At this point, it’s useful to check whether all your samples are included, as well as the number of variant and invariant sites. You can use the following bash commands along with seqtk
:
# Number of isolates with aligned sites
grep -c ">" core.full.aln
grep -c ">" core.aln
# Number of aligned sites, including invariant sites
seqtk comp core.full.aln | cut -f1,2
# Number of core SNP sites
seqtk comp core.aln | cut -f1,2
Sometimes, you might need to perform an additional cleanup step to remove ‘N’ characters. For this, the snp-sites
program is very handy.

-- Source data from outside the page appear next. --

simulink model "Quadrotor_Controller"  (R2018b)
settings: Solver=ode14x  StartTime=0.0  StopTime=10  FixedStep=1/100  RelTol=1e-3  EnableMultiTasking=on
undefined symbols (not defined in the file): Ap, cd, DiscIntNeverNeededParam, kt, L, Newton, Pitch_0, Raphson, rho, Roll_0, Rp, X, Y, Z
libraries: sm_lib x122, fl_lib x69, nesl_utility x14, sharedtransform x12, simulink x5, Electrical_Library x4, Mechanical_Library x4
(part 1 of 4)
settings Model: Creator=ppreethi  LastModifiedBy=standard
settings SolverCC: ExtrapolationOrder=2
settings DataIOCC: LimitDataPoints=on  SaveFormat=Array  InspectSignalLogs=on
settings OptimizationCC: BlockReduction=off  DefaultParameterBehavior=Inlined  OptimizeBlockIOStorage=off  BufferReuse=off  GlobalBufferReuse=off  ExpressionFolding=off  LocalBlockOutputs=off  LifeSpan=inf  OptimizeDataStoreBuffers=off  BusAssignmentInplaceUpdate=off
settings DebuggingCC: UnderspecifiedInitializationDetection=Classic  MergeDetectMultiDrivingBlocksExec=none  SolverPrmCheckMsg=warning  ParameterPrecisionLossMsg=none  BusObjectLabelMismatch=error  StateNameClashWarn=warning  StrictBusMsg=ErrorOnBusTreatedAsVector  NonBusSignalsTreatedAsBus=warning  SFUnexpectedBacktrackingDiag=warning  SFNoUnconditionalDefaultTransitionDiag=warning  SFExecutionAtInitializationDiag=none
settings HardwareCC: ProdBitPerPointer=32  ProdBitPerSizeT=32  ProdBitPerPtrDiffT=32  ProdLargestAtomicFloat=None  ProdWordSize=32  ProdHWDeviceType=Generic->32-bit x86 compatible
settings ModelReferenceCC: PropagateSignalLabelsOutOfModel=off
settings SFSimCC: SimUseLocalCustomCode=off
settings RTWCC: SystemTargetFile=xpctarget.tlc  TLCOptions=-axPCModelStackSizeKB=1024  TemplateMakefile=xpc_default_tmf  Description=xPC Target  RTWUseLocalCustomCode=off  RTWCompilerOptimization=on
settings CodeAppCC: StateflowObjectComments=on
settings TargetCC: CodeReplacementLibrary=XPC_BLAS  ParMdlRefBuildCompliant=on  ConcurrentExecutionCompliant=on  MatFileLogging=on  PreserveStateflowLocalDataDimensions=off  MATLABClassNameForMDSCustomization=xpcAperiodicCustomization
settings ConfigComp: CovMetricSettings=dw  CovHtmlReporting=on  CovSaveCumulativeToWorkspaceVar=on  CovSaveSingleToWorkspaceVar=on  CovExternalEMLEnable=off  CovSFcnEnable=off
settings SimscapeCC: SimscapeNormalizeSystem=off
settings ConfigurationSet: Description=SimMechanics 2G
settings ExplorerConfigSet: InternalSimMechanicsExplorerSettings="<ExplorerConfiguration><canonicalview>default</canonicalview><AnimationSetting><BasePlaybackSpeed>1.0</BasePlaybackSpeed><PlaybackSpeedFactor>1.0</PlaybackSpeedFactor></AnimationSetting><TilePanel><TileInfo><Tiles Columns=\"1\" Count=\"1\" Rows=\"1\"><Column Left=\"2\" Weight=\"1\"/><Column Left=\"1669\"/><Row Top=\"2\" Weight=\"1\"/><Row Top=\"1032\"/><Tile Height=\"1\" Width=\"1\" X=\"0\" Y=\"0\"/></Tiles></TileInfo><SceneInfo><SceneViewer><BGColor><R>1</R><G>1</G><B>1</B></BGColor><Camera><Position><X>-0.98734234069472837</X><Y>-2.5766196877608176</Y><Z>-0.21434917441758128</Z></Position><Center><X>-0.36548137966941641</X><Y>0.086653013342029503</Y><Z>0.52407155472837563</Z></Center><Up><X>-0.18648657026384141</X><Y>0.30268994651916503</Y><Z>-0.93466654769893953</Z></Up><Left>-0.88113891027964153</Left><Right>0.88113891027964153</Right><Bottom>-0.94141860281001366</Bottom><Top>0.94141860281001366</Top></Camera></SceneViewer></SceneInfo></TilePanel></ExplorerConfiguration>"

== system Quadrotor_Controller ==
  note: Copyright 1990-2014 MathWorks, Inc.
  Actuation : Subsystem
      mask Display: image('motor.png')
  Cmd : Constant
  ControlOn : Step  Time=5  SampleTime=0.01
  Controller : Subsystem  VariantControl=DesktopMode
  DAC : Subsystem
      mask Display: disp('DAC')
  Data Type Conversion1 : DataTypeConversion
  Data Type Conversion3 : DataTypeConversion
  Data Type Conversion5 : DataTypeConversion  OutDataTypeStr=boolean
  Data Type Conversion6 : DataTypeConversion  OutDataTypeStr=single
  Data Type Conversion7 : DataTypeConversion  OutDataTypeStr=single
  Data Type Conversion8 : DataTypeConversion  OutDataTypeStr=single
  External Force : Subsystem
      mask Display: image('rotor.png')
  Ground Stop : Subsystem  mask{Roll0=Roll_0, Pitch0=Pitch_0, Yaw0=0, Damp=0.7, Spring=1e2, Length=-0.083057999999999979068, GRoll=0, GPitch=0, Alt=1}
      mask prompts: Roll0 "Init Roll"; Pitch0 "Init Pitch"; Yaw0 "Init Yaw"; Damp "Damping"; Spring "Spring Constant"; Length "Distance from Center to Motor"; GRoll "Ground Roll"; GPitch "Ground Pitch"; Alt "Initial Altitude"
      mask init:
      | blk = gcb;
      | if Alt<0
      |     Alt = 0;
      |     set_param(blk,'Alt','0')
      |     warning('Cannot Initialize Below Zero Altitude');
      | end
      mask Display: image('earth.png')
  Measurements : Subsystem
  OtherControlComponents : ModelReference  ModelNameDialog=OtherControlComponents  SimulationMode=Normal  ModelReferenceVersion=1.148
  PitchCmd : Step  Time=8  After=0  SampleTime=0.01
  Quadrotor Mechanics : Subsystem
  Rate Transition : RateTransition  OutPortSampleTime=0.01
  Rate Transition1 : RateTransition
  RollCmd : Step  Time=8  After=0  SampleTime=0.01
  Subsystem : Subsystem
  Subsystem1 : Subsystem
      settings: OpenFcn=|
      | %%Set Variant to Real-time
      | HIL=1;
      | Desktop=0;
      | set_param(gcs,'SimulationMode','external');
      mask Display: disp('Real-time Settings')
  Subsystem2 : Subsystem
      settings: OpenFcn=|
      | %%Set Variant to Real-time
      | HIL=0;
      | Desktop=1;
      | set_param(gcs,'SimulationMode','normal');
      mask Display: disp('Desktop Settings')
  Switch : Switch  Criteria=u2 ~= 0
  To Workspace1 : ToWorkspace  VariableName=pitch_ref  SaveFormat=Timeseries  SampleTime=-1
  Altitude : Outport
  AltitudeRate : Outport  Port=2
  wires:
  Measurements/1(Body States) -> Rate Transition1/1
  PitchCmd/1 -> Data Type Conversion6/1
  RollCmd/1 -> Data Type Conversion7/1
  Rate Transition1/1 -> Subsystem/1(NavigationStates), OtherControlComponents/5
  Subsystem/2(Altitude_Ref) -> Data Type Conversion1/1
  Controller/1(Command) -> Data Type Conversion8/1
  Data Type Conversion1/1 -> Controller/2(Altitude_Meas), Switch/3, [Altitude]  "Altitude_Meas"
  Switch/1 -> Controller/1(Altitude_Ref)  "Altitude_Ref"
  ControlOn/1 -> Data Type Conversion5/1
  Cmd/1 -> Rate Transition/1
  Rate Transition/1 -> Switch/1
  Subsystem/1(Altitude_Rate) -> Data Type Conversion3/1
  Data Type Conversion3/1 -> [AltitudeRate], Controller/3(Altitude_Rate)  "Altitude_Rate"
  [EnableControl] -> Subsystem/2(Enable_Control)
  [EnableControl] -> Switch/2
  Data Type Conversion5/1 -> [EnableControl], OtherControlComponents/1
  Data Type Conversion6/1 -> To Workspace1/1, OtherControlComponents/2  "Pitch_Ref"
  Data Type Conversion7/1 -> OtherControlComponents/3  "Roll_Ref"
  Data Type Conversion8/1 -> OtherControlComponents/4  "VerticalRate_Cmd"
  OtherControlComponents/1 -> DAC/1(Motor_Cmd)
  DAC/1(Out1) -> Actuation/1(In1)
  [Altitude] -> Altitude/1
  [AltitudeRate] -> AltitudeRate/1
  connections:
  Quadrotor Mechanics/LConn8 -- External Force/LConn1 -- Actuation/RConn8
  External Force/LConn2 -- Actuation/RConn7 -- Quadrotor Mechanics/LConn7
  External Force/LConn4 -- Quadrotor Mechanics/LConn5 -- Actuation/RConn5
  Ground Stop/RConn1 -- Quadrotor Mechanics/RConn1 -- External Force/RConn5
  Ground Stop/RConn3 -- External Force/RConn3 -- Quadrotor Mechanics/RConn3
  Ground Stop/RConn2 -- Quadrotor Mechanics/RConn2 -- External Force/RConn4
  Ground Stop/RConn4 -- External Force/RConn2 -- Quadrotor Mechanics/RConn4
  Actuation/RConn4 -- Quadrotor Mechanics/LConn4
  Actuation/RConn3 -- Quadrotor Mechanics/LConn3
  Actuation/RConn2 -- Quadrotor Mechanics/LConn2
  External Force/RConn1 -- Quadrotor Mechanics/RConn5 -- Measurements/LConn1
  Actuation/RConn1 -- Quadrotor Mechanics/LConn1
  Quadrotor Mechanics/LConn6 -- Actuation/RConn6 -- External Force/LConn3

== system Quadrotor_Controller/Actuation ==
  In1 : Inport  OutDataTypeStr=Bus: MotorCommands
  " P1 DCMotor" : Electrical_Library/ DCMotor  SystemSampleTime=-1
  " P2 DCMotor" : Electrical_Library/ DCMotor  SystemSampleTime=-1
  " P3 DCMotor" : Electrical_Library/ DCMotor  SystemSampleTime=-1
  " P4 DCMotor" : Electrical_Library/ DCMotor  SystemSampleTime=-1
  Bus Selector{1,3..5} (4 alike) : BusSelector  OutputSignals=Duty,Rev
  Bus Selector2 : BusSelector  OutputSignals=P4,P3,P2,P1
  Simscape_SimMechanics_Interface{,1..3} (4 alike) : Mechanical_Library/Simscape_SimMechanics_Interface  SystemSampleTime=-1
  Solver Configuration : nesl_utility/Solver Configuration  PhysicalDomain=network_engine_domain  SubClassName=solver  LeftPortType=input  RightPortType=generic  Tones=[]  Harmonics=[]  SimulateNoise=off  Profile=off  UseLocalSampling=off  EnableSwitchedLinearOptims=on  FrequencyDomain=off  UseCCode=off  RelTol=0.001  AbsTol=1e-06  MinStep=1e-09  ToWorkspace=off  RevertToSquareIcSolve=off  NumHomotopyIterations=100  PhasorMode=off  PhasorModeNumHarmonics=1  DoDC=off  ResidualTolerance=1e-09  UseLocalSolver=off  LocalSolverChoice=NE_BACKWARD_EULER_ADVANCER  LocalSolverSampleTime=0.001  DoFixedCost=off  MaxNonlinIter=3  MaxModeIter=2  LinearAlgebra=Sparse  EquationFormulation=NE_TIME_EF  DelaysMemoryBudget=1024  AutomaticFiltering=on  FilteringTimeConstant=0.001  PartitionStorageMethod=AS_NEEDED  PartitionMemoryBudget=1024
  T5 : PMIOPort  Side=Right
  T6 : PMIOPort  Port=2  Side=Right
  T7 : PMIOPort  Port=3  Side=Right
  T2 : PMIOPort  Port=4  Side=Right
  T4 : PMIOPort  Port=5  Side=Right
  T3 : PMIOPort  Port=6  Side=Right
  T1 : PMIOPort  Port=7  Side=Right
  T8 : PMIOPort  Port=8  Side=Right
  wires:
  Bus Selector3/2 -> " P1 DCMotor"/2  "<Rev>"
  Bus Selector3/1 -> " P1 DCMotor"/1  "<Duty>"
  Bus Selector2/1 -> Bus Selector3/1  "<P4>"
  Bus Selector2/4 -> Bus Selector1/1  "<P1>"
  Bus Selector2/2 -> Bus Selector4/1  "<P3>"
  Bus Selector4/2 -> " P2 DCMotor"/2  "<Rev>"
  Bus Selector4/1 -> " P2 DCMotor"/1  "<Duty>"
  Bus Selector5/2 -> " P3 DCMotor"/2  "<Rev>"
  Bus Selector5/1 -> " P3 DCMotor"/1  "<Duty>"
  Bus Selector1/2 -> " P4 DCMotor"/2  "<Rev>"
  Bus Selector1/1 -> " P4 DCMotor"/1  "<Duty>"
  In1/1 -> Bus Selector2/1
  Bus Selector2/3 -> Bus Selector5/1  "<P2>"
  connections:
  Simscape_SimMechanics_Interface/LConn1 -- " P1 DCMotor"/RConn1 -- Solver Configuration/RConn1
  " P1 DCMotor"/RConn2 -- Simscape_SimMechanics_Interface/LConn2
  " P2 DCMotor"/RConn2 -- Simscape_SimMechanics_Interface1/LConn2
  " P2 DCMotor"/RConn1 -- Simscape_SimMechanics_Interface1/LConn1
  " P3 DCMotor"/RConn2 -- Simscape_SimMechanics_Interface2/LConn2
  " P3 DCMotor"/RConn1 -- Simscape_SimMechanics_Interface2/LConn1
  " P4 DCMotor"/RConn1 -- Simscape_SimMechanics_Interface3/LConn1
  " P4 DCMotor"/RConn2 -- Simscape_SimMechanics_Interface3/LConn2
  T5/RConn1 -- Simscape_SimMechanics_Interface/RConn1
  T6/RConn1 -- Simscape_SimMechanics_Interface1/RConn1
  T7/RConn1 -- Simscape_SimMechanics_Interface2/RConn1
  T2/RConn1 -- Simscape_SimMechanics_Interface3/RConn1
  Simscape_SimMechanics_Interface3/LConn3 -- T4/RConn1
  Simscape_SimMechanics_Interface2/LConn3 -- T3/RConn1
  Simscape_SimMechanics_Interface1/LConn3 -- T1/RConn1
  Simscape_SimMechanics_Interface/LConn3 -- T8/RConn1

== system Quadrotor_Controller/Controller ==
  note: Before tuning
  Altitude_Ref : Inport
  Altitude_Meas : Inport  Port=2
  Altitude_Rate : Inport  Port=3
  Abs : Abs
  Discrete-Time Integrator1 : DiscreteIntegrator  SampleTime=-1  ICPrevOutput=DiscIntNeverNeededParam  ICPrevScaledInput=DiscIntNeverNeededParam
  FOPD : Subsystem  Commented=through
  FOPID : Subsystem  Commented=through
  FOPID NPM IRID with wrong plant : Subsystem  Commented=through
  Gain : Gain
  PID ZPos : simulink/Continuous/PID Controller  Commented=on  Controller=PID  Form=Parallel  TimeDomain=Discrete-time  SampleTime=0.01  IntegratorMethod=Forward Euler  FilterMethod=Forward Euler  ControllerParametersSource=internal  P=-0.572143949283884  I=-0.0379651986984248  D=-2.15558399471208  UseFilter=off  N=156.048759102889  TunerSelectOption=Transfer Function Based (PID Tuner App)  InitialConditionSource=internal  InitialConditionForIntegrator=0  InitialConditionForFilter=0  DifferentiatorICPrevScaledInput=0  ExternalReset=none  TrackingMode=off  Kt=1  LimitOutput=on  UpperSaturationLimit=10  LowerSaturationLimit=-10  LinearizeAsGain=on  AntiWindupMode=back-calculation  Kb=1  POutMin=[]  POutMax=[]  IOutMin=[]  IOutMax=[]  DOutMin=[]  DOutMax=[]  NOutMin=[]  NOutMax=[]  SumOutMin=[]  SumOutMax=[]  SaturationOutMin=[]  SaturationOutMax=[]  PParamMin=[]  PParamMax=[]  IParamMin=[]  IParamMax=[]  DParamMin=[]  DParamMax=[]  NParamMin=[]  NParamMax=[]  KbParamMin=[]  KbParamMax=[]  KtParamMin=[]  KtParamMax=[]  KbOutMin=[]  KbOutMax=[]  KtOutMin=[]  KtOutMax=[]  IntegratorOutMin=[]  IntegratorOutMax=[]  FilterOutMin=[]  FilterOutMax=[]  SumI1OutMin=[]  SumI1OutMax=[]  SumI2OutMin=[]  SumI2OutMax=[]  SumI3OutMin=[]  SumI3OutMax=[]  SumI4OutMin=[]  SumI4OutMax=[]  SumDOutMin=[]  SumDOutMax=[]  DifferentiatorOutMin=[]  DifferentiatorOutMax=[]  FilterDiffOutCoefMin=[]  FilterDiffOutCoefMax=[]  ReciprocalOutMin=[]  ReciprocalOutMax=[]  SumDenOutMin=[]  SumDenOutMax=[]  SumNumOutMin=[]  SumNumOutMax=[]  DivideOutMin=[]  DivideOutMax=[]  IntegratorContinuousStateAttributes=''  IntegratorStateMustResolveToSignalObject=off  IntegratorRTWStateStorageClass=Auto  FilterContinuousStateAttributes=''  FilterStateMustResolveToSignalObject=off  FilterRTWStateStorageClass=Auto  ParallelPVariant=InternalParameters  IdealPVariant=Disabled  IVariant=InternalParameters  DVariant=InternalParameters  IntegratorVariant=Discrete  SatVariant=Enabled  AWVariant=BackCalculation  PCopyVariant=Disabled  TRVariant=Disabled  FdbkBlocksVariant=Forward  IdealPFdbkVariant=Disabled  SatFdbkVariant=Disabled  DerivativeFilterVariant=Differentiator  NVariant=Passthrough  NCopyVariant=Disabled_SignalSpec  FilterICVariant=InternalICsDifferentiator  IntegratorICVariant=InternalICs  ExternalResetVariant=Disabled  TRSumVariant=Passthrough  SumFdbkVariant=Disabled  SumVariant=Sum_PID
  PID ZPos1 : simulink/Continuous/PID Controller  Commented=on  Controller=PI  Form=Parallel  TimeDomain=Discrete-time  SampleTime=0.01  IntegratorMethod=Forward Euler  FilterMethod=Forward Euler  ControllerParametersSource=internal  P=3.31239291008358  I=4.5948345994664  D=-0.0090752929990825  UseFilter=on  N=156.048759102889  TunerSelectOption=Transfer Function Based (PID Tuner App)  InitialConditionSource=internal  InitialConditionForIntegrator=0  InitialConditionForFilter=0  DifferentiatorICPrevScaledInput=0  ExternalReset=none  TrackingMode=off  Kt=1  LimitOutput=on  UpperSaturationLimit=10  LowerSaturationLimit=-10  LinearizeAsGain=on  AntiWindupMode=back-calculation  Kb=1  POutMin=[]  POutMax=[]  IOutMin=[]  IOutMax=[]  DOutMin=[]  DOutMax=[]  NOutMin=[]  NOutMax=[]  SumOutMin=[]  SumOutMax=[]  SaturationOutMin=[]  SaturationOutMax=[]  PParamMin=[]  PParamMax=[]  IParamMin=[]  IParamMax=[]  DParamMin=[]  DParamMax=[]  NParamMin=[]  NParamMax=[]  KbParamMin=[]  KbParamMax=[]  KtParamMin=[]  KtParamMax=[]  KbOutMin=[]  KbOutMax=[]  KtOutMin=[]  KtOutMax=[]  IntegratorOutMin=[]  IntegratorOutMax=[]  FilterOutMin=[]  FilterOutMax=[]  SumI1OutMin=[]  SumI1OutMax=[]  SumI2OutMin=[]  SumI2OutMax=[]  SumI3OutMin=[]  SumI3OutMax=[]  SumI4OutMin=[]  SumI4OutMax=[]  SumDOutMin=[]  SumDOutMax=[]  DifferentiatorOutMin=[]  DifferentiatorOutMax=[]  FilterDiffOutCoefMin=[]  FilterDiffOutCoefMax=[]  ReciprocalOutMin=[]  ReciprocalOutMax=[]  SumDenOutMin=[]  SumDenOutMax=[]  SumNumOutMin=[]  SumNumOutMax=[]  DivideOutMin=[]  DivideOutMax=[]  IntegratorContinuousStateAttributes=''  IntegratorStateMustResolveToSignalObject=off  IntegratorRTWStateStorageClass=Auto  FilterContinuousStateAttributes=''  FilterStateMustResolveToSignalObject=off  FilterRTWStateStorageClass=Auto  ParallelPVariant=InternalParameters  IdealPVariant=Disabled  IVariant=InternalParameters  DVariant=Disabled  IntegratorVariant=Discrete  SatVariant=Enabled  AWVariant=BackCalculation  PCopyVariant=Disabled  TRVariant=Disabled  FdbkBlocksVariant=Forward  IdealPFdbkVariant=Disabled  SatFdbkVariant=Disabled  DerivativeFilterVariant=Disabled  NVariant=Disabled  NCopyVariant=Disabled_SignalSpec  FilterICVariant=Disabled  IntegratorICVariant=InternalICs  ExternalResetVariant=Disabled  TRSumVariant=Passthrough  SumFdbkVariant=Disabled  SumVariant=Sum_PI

After cleaning, you can perform phylogenetic tree inference on the alignment:
FastTree -gtr -nt clean.core.aln > clean.core.tree
This process will yield a phylogenetic tree based on the cleaned core SNP alignment.
15.3 Tree visualisation
TBC
15.4 More complex tree building programs
TBC
Now, it’s time to apply your phylogenetics skills to determine where the patient in our storyline contracted their malaria infection.
You will be working with a dataset called ‘contextual data.’ Although the data is simulated for this exercise, in real scenarios, we often rely on public datasets with robust metadata to make such inferences.
Start your analysis and explore what insights you can draw from the phylogeny. Don’t forget to create a visualization of the phylogenetic tree!